Assuming an owner has control of their vessel it is generally accepted that they would not time charter contract their vessel to a charterer while also paying the charterers a rate for the privilege of taking their vessel. Time charter rates going negative, at least from an owner's point of view, should not be possible. There are exceptions to this but that is for another time.

So what are the owners' options when the earnings approach zero return? Well, the first option would be to consider a ‘hot layup’. The vessel is instructed to go to an anchorage location and wait for further instructions. The idea here is to wait out any short-term market lull by not entertaining any business at the currently offered levels. The vessels would incur the full cost of the operating expenses.


When revenues drop below operating costs, owners may consider hot or cold layups
 

Looking at this scenario from a demand and supply perspective, the supply of tonnage would now be reduced. This would have a direct impact on the market and if enough owners followed suit, the market may rise.

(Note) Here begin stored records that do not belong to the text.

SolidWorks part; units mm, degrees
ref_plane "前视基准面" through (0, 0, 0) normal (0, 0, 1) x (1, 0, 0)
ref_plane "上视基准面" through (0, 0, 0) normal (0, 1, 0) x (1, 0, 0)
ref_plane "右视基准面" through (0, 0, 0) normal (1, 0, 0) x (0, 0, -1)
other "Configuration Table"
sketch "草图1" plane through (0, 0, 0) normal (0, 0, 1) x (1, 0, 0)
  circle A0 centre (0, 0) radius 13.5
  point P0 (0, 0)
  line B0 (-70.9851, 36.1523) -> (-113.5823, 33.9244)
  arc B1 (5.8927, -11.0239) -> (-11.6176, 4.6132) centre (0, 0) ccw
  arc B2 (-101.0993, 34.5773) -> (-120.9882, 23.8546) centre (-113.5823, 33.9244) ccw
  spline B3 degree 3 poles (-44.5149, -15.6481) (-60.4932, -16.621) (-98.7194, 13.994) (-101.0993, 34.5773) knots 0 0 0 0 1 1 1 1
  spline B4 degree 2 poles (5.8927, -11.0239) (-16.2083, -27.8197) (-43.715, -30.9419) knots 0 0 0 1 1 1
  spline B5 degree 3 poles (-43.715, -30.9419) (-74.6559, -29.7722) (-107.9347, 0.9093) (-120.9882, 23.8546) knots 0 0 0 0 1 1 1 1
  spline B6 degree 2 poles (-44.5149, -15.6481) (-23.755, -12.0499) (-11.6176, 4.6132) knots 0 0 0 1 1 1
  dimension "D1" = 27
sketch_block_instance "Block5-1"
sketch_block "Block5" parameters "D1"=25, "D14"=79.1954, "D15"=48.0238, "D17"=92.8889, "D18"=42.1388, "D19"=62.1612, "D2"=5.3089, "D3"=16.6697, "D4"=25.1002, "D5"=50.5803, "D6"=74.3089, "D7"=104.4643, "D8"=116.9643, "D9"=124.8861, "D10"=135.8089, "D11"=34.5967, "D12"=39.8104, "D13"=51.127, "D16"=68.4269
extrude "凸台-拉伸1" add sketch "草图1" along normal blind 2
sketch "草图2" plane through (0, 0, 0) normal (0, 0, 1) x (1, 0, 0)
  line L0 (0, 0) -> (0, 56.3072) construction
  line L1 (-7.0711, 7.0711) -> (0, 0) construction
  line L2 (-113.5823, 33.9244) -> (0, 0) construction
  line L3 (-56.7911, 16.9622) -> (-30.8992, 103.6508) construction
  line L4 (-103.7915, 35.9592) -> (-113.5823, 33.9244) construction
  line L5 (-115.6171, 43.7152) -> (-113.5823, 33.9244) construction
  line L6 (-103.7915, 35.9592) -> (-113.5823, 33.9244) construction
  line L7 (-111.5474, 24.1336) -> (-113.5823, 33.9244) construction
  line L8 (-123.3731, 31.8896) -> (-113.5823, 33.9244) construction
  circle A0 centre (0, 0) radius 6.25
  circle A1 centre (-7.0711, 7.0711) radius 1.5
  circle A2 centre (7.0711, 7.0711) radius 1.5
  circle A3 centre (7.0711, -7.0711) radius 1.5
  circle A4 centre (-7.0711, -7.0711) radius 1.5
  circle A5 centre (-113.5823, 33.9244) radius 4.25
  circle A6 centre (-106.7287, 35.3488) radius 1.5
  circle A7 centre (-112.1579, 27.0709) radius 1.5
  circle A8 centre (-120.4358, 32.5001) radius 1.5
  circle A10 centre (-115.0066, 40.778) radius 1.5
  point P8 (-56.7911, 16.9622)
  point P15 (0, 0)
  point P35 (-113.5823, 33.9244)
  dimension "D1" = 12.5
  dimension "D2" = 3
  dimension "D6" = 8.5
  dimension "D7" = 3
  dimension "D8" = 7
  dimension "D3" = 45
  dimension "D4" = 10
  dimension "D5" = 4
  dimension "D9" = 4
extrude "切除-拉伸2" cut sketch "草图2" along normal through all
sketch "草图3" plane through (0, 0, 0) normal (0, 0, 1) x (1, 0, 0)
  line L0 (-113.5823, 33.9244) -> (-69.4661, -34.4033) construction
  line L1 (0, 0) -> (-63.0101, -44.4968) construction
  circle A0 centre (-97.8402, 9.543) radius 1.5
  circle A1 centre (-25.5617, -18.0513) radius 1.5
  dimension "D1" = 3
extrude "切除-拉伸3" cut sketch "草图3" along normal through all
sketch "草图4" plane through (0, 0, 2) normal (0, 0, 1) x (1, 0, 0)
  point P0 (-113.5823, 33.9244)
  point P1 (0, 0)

It may also not rise. Market fundaments may well be stacked against the owners' ambitions. When the market outlook doesn't improve after hot layups have taken place, owners will then consider their ‘cold layup’ options. 


Fewer crew are required on cold layups
 
The cost to anchor a vessel for a length of time varies from port to port, however scouting a suitable anchorage will help keep costs down.

Auxiliary engines are run onboard large vessels for all manner of roles including heating fuel, pumping ballast water, or generating electricity for living quarters, for example. This comes at a daily fuel cost which can be turned off to reduce costs.

And then we get to the crew onboard the vessel. A high proportion of daily operating expenses comes from wages. In a cold layup, crew numbers can be reduced to the bare minimum.

But there is an offset here. The ocean takes its toll on vessels and the crew mitigates this wear and tear. Reducing number of crew on board can also increase repair costs in the future.

So now the owner has their vessel in cold layup, saving on operating expenses, yet ultimately holding an expensive asset awaiting global shipping markets to recover. Placing a vessel in cold layup is not taken lightly by any owners as returning from this condition requires making the vessel operational once again including sourcing new crew, which can take time.

Shipping as an industry doesn't stand in isolation. So as a critical component of the world's wider economy, if vessels are trading below operating expense level or being placed into lay up for any length of time, a clear signal can be read into the health of the wider market.

The opinions expressed herein are the author's and not necessarily those of The Xinde Marine News.